I chose CommonMark because it could be measured, not to compete with existing implementations. Markdig is the established, actively maintained C# CommonMark library and a more feature-rich one than what I produced here. But the 652 conformance tests gave me something I could not get from ohmyzsh: an objective, third-party standard to verify against. For reference, I ran the same suite against Markdig. It fails 33. The generated implementation fails 4. Two of those four are cases Markdig handles correctly. The other two we both fail on. The point is not to compete with Markdig. The point is that a generated implementation, built from a conceptual map in a matter of hours, lands in the same class as a well-maintained library with nearly 60 million NuGet downloads, verified against a standard neither I nor the model controls.
The ohmyzsh experiment showed the concept worked. CommonMark showed how the process actually behaves under pressure, and what discipline it demands.
Conformance testing transforms the process. When the test suite travels with the implementation, you can iterate aggressively without losing ground. Every fix is immediately validated. Every regression is immediately visible. Without those 652 tests, I would have been guessing. With them, I was engineering.
The LLM will cheat, and you need to expect it. This is not a flaw to work around. It is a fundamental behavior to guard against. Any time you ask a model to fix failing tests, you must verify that it fixed the cause, not the symptom. Prompt constraints help, but human review is non-negotiable.
Large file generation creates its own problems. LLMs tend to produce monolithic output: one enormous file instead of a well-structured project. Constraining file size and structure at the outset, in the prompt, prevents architectural problems that are expensive to fix later.
Models matter, and the differences are measurable. Both GPT-5.4 and Claude Sonnet 4.6 started from the same decomposition and produced the same initial result: 151 of 652 tests passing. The cleanup paths diverged, and Sonnet reached a clean implementation faster. Model selection is not a preference. It is an engineering decision with measurable impact on iteration cost and output quality.
6. What That Actually Means
This started as curiosity. It points to a structural shift in what software actually is.
The industry has always framed software decisions as build vs. buy. But “build” has always carried an implicit weight: the assumption that starting fresh is expensive, risky, and slow. That weight is what keeps organizations carrying legacy systems forward instead of replacing them.

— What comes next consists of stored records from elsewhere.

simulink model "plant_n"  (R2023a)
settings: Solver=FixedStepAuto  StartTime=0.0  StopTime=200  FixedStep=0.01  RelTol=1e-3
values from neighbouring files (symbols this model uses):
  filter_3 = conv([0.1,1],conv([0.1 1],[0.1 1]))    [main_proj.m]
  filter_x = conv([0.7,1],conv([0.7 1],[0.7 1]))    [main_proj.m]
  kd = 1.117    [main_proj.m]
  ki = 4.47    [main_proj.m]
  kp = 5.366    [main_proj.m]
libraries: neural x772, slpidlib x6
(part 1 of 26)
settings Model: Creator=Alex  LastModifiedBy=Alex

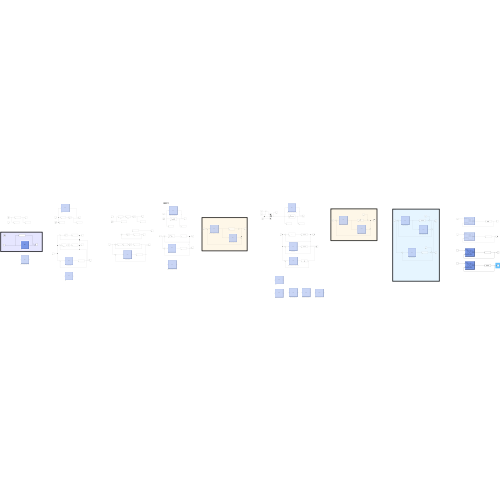
[thumbnail: Simulink's stored preview of the top-level diagram]
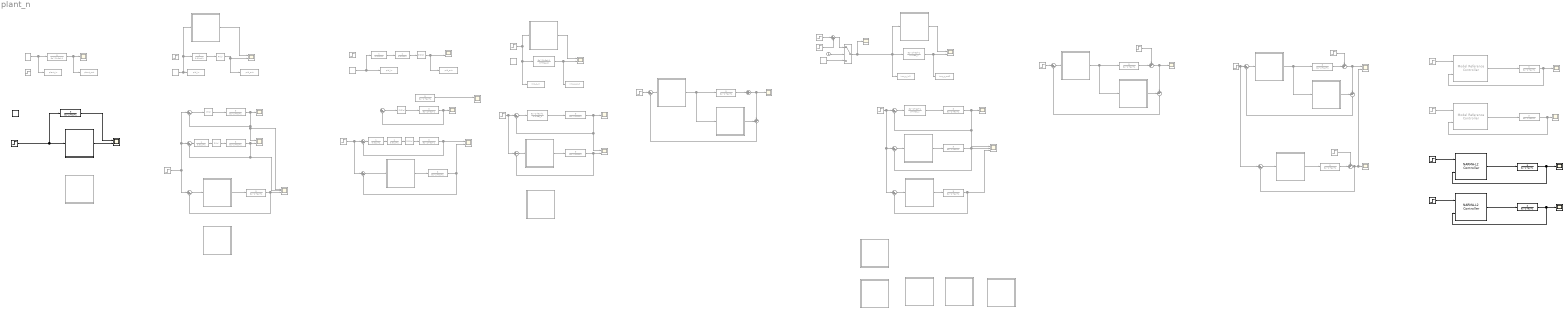
== system plant_n ==
  note: IMC1
  note: IMC1
  note: #2-3
  note: IMC2
  note: Compare
  Clock : Clock  Commented=on
  Filter{,1..5} (6 alike) : TransferFcn  Commented=on  Denominator=[0.01 1]
  Hr2 Neural Network : Subsystem  Commented=on  mask{pi_input_1_delayed_1=0, pi_input_1_delayed_2=0, pi_input_1_delayed_3=0, pi_input_1_delayed_4=0, pi_input_1_delayed_5=0, pi_input_1_delayed_6=0, ai_layer_2_delayed_1=0, ai_layer_2_delayed_2=0, ai_layer_2_delayed_3=0, ai_layer_2_delayed_4=0, ai_layer_2_delayed_5=0, ai_layer_2_delayed_6=0}
      mask prompts: pi_input_1_delayed_1 "Preprocessed initial input 1 state at timestep 0."; pi_input_1_delayed_2 "Preprocessed initial input 1 state at timestep -1."; pi_input_1_delayed_3 "Preprocessed initial input 1 state at timestep -2."; pi_input_1_delayed_4 "Preprocessed initial input 1 state at timestep -3."; pi_input_1_delayed_5 "Preprocessed initial input 1 state at timestep -4."; pi_input_1_delayed_6 "Preprocessed initial input 1 state at timestep -5."; ai_layer_2_delayed_1 "Initial layer 2 state at timestep 0."; ai_layer_2_delayed_2 "Initial layer 2 state at timestep -1."; ai_layer_2_delayed_3 "Initial layer 2 state at timestep -2."; ai_layer_2_delayed_4 "Initial layer 2 state at timestep -3."; ai_layer_2_delayed_5 "Initial layer 2 state at timestep -4."; ai_layer_2_delayed_6 "Initial layer 2 state at timestep -5."
      mask help: NARX Neural Network
      mask Display: e = 0.06;c1 = [120 150 230]/255;c2 = ([120 150 230]+0)/383;c3 = ([120 150 230]+128)/383;patch([0 1 1 0],[0 0 1 1],c1);patch([0 1 1 1-e 1-e 0+e],[0 0 1 1-e 0+e 0+e],c2);patch([0 0 1 1-e 0+e 0+e],[0 1 1 1-e 1-e 0+e],c3);plot([0 1 1 0 0],[0 0 1 1 0]);fprintf('NNET');port_label('input',1,' x');port_label('output',1,'y ');
  Hr2 Neural Network1 : Subsystem  Commented=on  mask{pi_input_1_delayed_1=0, pi_input_1_delayed_2=0, pi_input_1_delayed_3=0, pi_input_1_delayed_4=0, pi_input_1_delayed_5=0, pi_input_1_delayed_6=0, ai_layer_2_delayed_1=0, ai_layer_2_delayed_2=0, ai_layer_2_delayed_3=0, ai_layer_2_delayed_4=0, ai_layer_2_delayed_5=0, ai_layer_2_delayed_6=0}
      mask prompts: pi_input_1_delayed_1 "Preprocessed initial input 1 state at timestep 0."; pi_input_1_delayed_2 "Preprocessed initial input 1 state at timestep -1."; pi_input_1_delayed_3 "Preprocessed initial input 1 state at timestep -2."; pi_input_1_delayed_4 "Preprocessed initial input 1 state at timestep -3."; pi_input_1_delayed_5 "Preprocessed initial input 1 state at timestep -4."; pi_input_1_delayed_6 "Preprocessed initial input 1 state at timestep -5."; ai_layer_2_delayed_1 "Initial layer 2 state at timestep 0."; ai_layer_2_delayed_2 "Initial layer 2 state at timestep -1."; ai_layer_2_delayed_3 "Initial layer 2 state at timestep -2."; ai_layer_2_delayed_4 "Initial layer 2 state at timestep -3."; ai_layer_2_delayed_5 "Initial layer 2 state at timestep -4."; ai_layer_2_delayed_6 "Initial layer 2 state at timestep -5."
      mask help: NARX Neural Network
      mask Display: e = 0.06;c1 = [120 150 230]/255;c2 = ([120 150 230]+0)/383;c3 = ([120 150 230]+128)/383;patch([0 1 1 0],[0 0 1 1],c1);patch([0 1 1 1-e 1-e 0+e],[0 0 1 1-e 0+e 0+e],c2);patch([0 0 1 1-e 0+e 0+e],[0 1 1 1-e 1-e 0+e],c3);plot([0 1 1 0 0],[0 0 1 1 0]);fprintf('NNET');port_label('input',1,' x');port_label('output',1,'y ');
  Model Reference Controller : neural/Control Systems/Model Reference Controller  Commented=on  Nrc=2  Nic=1  Njc=2  IW_y=[1.3296070716326384709 -0.36667365564127274435;-0.92185323515790129623 0.32176549306151730478;1.8261953391711005512 1.1281754253248745812;2.081392820408017208 2.4865299205213595712;-1.4909287274670399714 0.11639212606746167367;0.46823572131003837749 0.088058028945422958667;-3.7167881282734223092 -3.6115499799353769639;1.4818494564283275494 2.7065106913308607517;1.6336147121001232119 0.5526617491453283959;-1.4099156717193841448 1.1569049865994305293;2.3686870848592893601 0.25288849028859083923;2.2287742825271403824 1.4983710960221059416;-0.99597562651575011206 0.092697495980983160568]  IW_u=[1.4743410646594798941;-0.73002540571032126238;-3.0820427704285724424;0.53364081831524945443;1.3844574682777242014;2.2994849637659218189;2.6080515112590818561;3.3191492457743909661;1.1600250344356883847;-0.81107387337725145304;-1.7263490679486648283;1.3637884727556424114;3.5961364066710643783]  IW_r=[0.45584496253579021019 0.013979066064819245518;-0.83540458064475398015 1.3369817271325503683;-0.49045911110561435375 -0.06578369498370542634;0.44086030026716438446 1.2365458882040423205;0.69033400334907890628 2.4098721877448441298;1.5039634381991009437 0.51175229301770042145;1.9013613732802914225 1.6718666996047224504;-2.9483143371280129408 -1.2964596974028812504;-0.71195000730611490702 0.54602009870251633217;0.44073655635966751953 0.35072389102907663982;-1.2261650136974546754 1.134551000123763087;2.5679363865125237609 -0.10987449572256477448;2.2584822906744599358 -0.46293788513520239825]  B1_c=[-2.6017037059917864639;2.4831616770785935877;-0.69967804536117750303;1.8461053910394569222;2.0936927854540310356;-0.65037824755168882618;-2.2310647260244911294;-0.56723571538320094465;1.5155600736459127198;-1.1274619690803939775;1.1420008123431555358;1.7485537141513041171;-0.14304865642348835175]  B2_c=0.49859367527745002135  LW_c=[-0.21560786427349326599 0.42218755085198778065 -2.5168500644863760485 -4.3042775398034240908 3.0736528575785957429 1.2004145740052258873 4.8803098890969769386 -4.903765247557268836 -2.0021893479913686065 1.1830173515845407994 1.0326255901814056504 -3.0305678461035592264 3.5511257763553163436]  retraining_c=30  max_i_int=0.3  min_i_int=0.01  max_r_int=0.3  min_r_int=0.01  Ts=0.01  S1=15  Ni=7  Nj=7  sim_file=plant_daq  trainfun=trainlm  Use_validation=1  Use_Testing=1  Use_Inc_training=0  Use_previous_weights=1  max_i=11  min_i=-11  max_r=1  min_r=-1  sam_training=7000  sam_training_c=7000  epochs=1000  epochs_c=1000  minp=-10.988507742147215041  maxp=10.979768684749934948  mint=-3.8286854023162479876  maxt=10.979768684749934948  Normalize=0  IW=[-0.096196767151805792628 0.069688900253981111987 -0.11414632395728388503 0.03380310834462384173 -0.10394306603562472602 0.050369638603738324523 -0.20070416107256491833;0.085825298980490752343 -0.13125992720494794597 0.36917943697583388563 -0.19267163875602047463 -0.12007252442864312092 -0.24919086144928226378 0.30995091781594286129;-0.12454285491314218137 -0.18617550753854025802 0.18540473952509214928 0.20790267007548821065 -0.35324104140001583163 -0.16301940699644387744 0.091419463919828858334;-5.5119777850224693555e-06 -4.3359379370616243346e-06 -1.692030312561132975e-05 -2.2407042060184435114e-06 -3.0824615230320695153e-06 -5.1366564063586963562e-06 1.6545291798370634416e-05;0.0096957497798623153845 0.38050449051489737551 0.49944098399193459503 0.052421264870644052047 0.027626071015783241341 -0.36332086427729193279 0.46254873826058989783;-3.8688801806231596213e-06 -1.0783090112052266869e-05 -1.5675682343423281539e-05 -7.4352360639534707218e-06 -5.9748050151522376945e-07 6.9622726526791568717e-07 1.0233518157329770306e-05;0.23425627076448132802 0.10948830117755810332 -0.08580339920518249841 -0.21619749925114917222 0.16691984566404238777 0.15408819517119581866 -0.069656411359783024229;-0.17923481973226779163 -0.3734132355570558004 0.48772350790411489463 -0.43203311567451913033 -0.10549166178544495953 -0.30648285248500672928 -0.59056268250324595037;8.0890264109084130371e-06 2.9234435920443260661e-06 1.8712401957121897343e-05 4.0566587345294193853e-06 7.6631724295067294133e-06 4.2821287801742582337e-06 -1.2706017327725187095e-05;1.1731657906753173472e-05 3.1258156594595680033e-05 -2.6258343721541373811e-05 2.5941834218704739663e-05 3.5192148815632747459e-05 -1.5866530394084238777e-07 0.00020205172082766727042;-0.02178867318460908642 -0.046180440291236031503 0.39918583548546565654 -0.34835569987993630914 -0.10550563278802824185 0.087890029577883874157 -0.00071868845735556226382;-5.3490863767874186421e-06 1.4045185164832040231e-05 -7.6256354641288490573e-08 2.3169813635436790412e-05 9.8313534835968070677e-06 6.75036488191517481e-06 -3.6223838976722067928e-06;-0.13726365515915717186 -0.095200399053326764665 -0.15941322116255240982 -0.15519989652548507597 -0.2727743328836970127 -0.15191535413502202378 -0.16028878504460999932;4.6955858084253991781e-06 1.2494144626207117596e-05 2.2531800415098768612e-05 1.9874998297332325268e-05 1.3465405020560401939e-05 9.1194981327321660627e-06 -1.8127978044236095495e-05;0.14452980362769671241 0.24589824886465630471 -0.06728997165946196124 -0.36848294936000547395 0.44609571336419373555 0.054463981727507444763 -0.021044829830446871999]  LW1_2=[0.14861091555967201328 0.34478204326288452997 0.3558400654392538387 0.35697598455192458555 0.18931759569298736712 0.17768697107890479847 0.17484250964170391929;0.10845671338328814748 0.093852273917411035975 0.21262993797098922455 0.25596645909310122846 0.03588848686131131116 -0.0027870875718595650682 0.13757477966585121565;0.11305853539800223007 -0.022956663362413178009 -0.069931506800843312721 0.09056872955326833452 -0.26634262306463429848 -0.021395817519269735851 -0.060213873715242928475;-0.15751443709582305108 -0.071910990277698094708 -0.086889799389636174221 0.043642285196309575646 0.021412316354041019406 -0.072400345203477350919 0.10512459549057595609;0.07328804631452078 0.17655010165892379148 0.21608305921005074857 0.14019704406872546265 -0.055947104098045666309 -0.14050413984766549347 -0.093226998770194094424;-0.10510622413701710409 -0.17857341457355369041 -0.21175342224952389825 0.12384087263403595336 0.068551462408649635472 0.10542717481883989716 -0.052278576669757423345;0.40219978853351451287 0.22296679464031857187 0.086629644932335506113 0.19508328152199636008 0.15141128908754003524 0.12458706880442040055 0.14023376450104427238;0.25628758153926928243 0.031225546226214852263 0.11782935558514234797 -0.23477352793508235451 -0.083828567511907856047 -0.25982638796543844339 -0.52206284880918452096;0.17030504793840781086 -0.02282146268343115264 0.083332278259328915193 0.11274766977691731695 0.028008942808686963094 -0.13262802397932524356 -0.025987817220298640303;0.0013909556386246470141 -0.083944162297307875487 0.11416165722051400955 0.04503174071203613904 -0.016222085233587247438 -0.037851508521260145146 0.043883852338576209706;0.64338859202817155758 0.6069049622101665431 0.49482781974953338189 0.38092861839956104753 0.29936635549479845286 0.22447584828212094332 0.19832556440503684714;0.068099588807467331675 0.072886989778193606027 -0.046842170049774672913 0.12373706988639987525 0.073210516138228751148 0.019840758304241756793 -0.15112284703497128047;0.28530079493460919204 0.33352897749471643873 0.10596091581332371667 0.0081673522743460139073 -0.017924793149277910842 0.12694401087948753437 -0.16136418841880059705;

That weight is what makes vendor lock-in feel permanent.
That weight just got a lot lighter.
Here is how I rank the use cases:
First: Reduction in supply chain attack surface. Supply chain attacks have been making bigger news since 2021. SolarWinds was a wake-up call, and the subsequent Executive Order on Improving the Nation’s Cybersecurity made it impossible to ignore. The attacks work because we import code we do not fully understand from maintainers we do not fully trust. When you regenerate behavior from a conceptual map rather than importing a dependency, you eliminate that specific attack surface. But be clear-eyed about the tradeoff: you now own that code. The upstream risk is gone, but the maintenance burden lands on you.
Second: The ability to amass targeted knowledge across any language or platform. This is broader than reimplementation. The pipeline does not care whether the source is Rust, Go, C, or shell script. It extracts the patterns, algorithms, and architectural decisions regardless of the language they were written in and makes them available as inventory you can compose against. A single project’s decomposition is useful. The ability to pull technical acumen from dozens of projects across multiple languages and platforms into a single composition is something that was not previously possible at any practical speed.
Third: Modernizing older technology. Legacy codebases sit untouched not because the logic is wrong but because the technology around them has aged out. Extract the intent, reexpress it in a modern stack, and the knowledge survives even if the implementation does not.
Fourth: Breaking free of vendor and skill lock-in. Think about COBOL shops running mainframes, enterprises locked into Oracle or SAP, and government agencies running 40-year-old systems because the risk of touching them outweighs the pain of keeping them. These are companies paying vendor ransoms year after year because starting over has always been unthinkable. For all of them, this is not a productivity tool. It is an exit ramp.
The implication I keep sitting with: understanding X is still the hard part. Once you have that, the implementation follows automatically.
7. OpenTransmute
I built an open-source pipeline to operationalize this. It is called OpenTransmute, and the first thing worth knowing is that it does not trust the LLM. Guardrails operate at two levels: the prompts that drive each stage are engineered to constrain what the model produces, and every artifact the pipeline emits is inspectable and correctable by a human before it moves forward. Prompt guardrails catch drift during generation. Human review gates catch what slipped through anyway. Both layers are load-bearing.
The pipeline has three stages: decompose, inventory, compose.
Decompose reads the source project and produces a conceptual map of what is actually in it: architecture, behaviors, extension points, invariants, and assumptions. This is not code. It is the blueprint behind the code.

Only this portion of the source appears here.